If the key k is in node x and x is an internal node, do the following:如果键 k 在节点 x 中并且 x 是内部节点，请执行以下操作：
a. a. If the child y that precedes k in node x has at least t keys, then find the predecessor k' of k in the subtree rooted at y.如果节点 x 中 k 之前的子节点 y 至少有 t 个键，则在以 y 为根的子树中找到 k 的前驱 k'。 Recursively delete k0,and replace k by k' in x.递归删除k0，并用x中的k'替换k。 (We can find k0 and delete it in a single downward pass.) （我们可以找到 k0 并在一次向下传递中将其删除。）
b.湾If y has fewer than t keys, then, symmetrically, examine the child z that follows k in node x.如果 y 的键少于 t 个，则对称地检查节点 x 中 k 之后的子节点 z。 If z has at least t keys, then find the successor k' of k in the subtree rooted at z.如果 z 至少有 t 个键，则在以 z 为根的子树中找到 k 的后继 k'。 Recursively delete k' ,and replace k by k' in x.递归删除k'，并用x中的k'替换k。 (We can find k' and delete it in a single downward pass.) （我们可以找到 k' 并在一次向下传递中将其删除。）
c. C. Otherwise, if both y and z have only t-1 keys, merge k and all of z into y, so that x loses both k and the pointer to z, and y now contains 2t-1 keys.否则，如果 y 和 z 都只有 t-1 个键，则将 k 和所有 z 合并到 y 中，这样 x 就会丢失 k 和指向 z 的指针，而 y 现在包含 2t-1 个键。 Then free z and recursively delete k from y.然后释放 z 并从 y 中递归删除 k。

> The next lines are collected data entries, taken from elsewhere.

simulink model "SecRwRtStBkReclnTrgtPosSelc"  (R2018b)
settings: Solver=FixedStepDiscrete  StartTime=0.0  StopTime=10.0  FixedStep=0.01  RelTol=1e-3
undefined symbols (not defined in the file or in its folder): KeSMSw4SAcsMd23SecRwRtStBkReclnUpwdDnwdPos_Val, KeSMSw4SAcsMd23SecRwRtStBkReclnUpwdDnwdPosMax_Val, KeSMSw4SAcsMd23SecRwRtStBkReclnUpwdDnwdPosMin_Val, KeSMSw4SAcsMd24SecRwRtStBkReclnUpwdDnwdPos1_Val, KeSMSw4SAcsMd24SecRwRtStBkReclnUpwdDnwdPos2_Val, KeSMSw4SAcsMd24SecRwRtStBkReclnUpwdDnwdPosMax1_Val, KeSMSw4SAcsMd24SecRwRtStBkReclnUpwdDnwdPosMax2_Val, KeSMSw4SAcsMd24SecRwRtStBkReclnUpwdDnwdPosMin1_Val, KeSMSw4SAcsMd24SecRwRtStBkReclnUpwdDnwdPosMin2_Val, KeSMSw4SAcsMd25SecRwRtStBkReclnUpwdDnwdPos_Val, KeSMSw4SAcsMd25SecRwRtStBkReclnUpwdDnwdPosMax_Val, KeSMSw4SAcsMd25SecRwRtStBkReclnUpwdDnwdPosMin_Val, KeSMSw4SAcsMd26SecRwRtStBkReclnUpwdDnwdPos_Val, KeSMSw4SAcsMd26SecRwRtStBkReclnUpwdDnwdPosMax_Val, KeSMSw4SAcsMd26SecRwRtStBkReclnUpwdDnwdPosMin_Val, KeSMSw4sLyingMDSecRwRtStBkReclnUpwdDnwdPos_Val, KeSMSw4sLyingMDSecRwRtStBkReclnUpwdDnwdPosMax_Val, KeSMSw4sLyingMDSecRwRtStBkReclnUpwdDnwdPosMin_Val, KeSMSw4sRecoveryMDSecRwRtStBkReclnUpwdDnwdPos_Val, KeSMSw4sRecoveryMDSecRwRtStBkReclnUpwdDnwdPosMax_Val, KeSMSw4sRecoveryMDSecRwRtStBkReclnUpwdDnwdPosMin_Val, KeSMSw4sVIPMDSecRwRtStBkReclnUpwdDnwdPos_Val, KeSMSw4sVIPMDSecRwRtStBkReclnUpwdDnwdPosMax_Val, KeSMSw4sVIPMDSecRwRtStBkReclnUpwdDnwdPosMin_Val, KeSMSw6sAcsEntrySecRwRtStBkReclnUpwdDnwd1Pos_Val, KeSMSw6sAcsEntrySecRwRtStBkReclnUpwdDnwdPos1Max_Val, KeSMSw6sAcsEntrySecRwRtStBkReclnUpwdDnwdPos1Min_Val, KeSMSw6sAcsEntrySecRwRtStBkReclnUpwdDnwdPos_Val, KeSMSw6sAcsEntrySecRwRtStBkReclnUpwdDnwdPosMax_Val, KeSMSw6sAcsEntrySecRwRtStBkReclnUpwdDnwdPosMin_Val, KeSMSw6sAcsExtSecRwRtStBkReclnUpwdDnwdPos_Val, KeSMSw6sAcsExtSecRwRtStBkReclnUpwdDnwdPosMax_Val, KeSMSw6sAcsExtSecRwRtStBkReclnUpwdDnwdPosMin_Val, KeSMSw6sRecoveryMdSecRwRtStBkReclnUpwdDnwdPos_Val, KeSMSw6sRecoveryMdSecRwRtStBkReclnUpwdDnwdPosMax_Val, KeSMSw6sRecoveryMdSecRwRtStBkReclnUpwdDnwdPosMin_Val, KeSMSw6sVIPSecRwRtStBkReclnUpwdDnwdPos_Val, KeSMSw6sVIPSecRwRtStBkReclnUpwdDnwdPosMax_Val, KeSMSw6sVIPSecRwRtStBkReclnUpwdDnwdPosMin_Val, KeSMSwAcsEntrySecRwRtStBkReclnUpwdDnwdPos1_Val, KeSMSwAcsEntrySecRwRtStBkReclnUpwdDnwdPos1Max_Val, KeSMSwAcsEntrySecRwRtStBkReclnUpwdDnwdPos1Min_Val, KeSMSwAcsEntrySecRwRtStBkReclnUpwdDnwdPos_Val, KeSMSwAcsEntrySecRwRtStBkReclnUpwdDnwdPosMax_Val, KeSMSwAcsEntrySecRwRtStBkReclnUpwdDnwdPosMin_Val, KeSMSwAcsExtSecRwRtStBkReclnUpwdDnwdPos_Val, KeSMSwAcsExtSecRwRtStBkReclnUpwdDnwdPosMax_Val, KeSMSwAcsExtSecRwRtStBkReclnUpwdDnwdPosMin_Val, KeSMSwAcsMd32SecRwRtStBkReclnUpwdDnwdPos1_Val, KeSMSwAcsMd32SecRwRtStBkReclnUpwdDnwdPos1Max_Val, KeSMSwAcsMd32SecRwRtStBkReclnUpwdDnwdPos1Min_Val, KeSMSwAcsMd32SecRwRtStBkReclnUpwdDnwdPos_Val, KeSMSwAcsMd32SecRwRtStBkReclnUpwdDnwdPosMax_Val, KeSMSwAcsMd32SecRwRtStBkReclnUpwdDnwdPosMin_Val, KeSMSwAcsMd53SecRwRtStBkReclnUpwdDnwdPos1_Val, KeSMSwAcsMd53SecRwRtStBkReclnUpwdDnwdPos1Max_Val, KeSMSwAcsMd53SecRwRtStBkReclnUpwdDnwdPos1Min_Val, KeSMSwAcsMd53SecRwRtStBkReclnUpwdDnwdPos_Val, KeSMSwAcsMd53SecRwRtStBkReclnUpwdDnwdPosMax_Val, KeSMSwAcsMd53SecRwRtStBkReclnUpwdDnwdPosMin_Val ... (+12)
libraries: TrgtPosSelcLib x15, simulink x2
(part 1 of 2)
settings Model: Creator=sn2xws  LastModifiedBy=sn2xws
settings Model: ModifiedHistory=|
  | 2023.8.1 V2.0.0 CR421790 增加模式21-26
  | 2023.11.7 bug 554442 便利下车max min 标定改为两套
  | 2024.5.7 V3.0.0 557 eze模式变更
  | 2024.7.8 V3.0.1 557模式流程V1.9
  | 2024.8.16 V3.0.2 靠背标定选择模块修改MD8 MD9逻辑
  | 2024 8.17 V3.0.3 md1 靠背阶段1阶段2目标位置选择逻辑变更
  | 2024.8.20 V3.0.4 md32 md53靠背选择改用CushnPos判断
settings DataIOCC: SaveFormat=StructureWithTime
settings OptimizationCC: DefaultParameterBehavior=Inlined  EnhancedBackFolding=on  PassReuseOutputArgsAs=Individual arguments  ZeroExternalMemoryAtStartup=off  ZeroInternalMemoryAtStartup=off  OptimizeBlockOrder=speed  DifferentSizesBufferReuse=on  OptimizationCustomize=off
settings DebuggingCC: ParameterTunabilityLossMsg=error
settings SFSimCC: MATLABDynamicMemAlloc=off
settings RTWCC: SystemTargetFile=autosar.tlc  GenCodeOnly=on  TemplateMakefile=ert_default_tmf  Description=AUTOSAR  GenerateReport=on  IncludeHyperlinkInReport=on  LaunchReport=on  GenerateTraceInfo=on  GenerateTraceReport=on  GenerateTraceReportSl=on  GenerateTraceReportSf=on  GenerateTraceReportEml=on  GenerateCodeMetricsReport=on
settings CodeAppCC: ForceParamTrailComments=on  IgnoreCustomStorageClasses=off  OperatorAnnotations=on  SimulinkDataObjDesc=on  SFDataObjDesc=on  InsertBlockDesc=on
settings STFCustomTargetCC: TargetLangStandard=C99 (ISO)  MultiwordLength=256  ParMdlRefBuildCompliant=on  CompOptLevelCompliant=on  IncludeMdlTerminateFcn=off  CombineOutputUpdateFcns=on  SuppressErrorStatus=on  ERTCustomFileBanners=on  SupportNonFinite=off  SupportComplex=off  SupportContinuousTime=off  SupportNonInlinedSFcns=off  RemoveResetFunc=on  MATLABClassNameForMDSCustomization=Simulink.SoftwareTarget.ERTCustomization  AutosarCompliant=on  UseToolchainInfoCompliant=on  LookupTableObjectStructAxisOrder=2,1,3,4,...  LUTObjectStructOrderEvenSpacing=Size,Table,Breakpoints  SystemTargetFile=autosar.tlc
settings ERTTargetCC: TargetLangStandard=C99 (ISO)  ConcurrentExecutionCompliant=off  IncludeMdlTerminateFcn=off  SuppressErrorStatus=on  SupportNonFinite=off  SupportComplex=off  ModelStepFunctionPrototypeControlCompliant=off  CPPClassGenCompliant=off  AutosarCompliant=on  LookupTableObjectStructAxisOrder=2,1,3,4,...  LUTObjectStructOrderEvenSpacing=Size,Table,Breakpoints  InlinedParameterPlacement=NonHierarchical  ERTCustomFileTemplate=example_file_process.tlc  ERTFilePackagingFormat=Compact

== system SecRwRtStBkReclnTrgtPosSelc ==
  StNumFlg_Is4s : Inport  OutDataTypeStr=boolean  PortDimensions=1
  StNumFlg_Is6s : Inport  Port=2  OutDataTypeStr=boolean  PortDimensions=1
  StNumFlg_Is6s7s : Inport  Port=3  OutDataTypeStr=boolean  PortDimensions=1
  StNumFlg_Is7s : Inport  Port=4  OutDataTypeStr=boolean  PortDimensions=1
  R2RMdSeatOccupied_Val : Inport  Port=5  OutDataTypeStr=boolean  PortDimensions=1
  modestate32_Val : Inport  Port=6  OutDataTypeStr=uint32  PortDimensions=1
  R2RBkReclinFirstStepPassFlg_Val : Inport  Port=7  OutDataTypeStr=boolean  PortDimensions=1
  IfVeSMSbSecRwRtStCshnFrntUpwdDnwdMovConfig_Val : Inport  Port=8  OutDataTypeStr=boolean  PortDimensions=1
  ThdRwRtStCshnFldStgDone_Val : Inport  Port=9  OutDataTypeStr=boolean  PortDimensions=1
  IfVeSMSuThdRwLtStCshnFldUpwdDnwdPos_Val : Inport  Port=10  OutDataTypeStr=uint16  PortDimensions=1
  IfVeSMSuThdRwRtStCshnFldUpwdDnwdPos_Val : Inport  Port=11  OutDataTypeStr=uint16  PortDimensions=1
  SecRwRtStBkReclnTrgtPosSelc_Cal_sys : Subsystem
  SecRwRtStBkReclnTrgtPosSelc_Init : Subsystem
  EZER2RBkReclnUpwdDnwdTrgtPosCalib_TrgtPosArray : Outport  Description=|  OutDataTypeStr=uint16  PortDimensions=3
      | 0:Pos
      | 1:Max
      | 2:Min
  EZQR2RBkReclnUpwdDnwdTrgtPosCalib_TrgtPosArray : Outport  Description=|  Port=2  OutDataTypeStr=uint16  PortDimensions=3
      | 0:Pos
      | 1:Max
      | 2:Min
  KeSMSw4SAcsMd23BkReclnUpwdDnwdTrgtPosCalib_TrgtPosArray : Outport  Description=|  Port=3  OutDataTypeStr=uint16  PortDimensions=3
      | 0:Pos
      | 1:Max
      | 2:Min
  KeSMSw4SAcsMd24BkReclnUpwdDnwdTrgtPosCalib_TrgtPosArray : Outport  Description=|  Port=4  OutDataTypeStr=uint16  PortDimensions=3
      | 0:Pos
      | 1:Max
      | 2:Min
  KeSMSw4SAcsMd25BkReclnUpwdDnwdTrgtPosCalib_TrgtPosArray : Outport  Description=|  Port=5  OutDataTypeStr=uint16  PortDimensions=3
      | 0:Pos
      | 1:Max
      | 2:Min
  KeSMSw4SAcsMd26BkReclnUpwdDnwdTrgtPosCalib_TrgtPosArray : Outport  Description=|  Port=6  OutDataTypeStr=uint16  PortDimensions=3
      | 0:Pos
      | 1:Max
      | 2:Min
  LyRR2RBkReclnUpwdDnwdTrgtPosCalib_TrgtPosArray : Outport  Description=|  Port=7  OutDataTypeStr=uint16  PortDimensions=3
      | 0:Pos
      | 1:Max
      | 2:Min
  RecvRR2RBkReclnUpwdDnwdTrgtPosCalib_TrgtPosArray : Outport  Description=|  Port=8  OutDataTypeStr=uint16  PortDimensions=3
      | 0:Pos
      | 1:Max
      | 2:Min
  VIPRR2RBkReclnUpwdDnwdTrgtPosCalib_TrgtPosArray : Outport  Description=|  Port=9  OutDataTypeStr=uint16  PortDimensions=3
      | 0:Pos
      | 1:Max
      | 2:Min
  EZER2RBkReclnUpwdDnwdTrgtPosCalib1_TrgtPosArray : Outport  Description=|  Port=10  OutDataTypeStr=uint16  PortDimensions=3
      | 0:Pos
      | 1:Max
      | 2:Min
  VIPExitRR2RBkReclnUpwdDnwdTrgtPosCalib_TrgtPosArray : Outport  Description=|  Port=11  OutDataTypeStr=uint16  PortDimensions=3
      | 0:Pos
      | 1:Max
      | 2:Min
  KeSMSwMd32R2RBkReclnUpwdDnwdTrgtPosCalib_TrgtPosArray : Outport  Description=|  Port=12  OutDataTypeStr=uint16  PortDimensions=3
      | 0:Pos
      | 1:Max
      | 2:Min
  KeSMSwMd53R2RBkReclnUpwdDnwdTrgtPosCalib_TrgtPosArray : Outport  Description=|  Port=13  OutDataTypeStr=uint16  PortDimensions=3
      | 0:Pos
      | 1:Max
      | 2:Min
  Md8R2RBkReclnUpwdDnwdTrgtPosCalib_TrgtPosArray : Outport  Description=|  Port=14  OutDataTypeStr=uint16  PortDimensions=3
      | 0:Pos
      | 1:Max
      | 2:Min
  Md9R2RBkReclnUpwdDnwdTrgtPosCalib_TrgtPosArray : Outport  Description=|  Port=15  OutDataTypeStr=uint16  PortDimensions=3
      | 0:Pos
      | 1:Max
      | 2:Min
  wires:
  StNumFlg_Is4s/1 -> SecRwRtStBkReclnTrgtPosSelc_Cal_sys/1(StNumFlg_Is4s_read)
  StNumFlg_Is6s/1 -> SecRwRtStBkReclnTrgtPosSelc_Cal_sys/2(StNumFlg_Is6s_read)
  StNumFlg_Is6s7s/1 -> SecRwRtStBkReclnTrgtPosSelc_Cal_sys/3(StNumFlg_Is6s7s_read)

If the key k is not present in internal node x, determine the root x.ci of the appropriate subtree that must contain k, if k is in the tree at all.如果内部节点 x 中不存在键 k，则确定必须包含 k 的适当子树的根 x.ci，如果 k 根本不在树中。 If x.ci has only t-1 keys, execute step 3a or 3b as necessary to guarantee that we descend to a node containing at least t keys.如果 x.ci 只有 t-1 个键，则根据需要执行步骤 3a 或 3b，以确保我们下降到至少包含 t 个键的节点。 Then finish by recursing on the appropriate child of x.然后通过对 x 的适当子级进行递归来完成。
a. a. If x.ci has only t-1 keys but has an immediate sibling with at least t keys, give x.ci an extra key by moving a key from x down into x.ci, moving a key from x.ci's immediate left or right sibling up into x, and moving the appropriate child pointer from the sibling into x.ci.如果 x.ci 只有 t-1 个键，但有至少 t 个键的直接兄弟，通过将键从 x 向下移动到 x.ci，将键从 x.ci 的紧邻左侧移动或右兄弟向上移动到 x，并将适当的子指针从兄弟移动到 x.ci。
b.湾If x.ci and both of x.ci's immediate siblings have t-1 keys, merge x.ci with one sibling, which involves moving a key from x down into the new merged node to become the median key for that node.如果 x.ci 和 x.ci 的两个直接兄弟都有 t-1 个键，则将 x.ci 与一个兄弟合并，这涉及将一个键从 x 向下移动到新的合并节点，以成为该节点的中间键。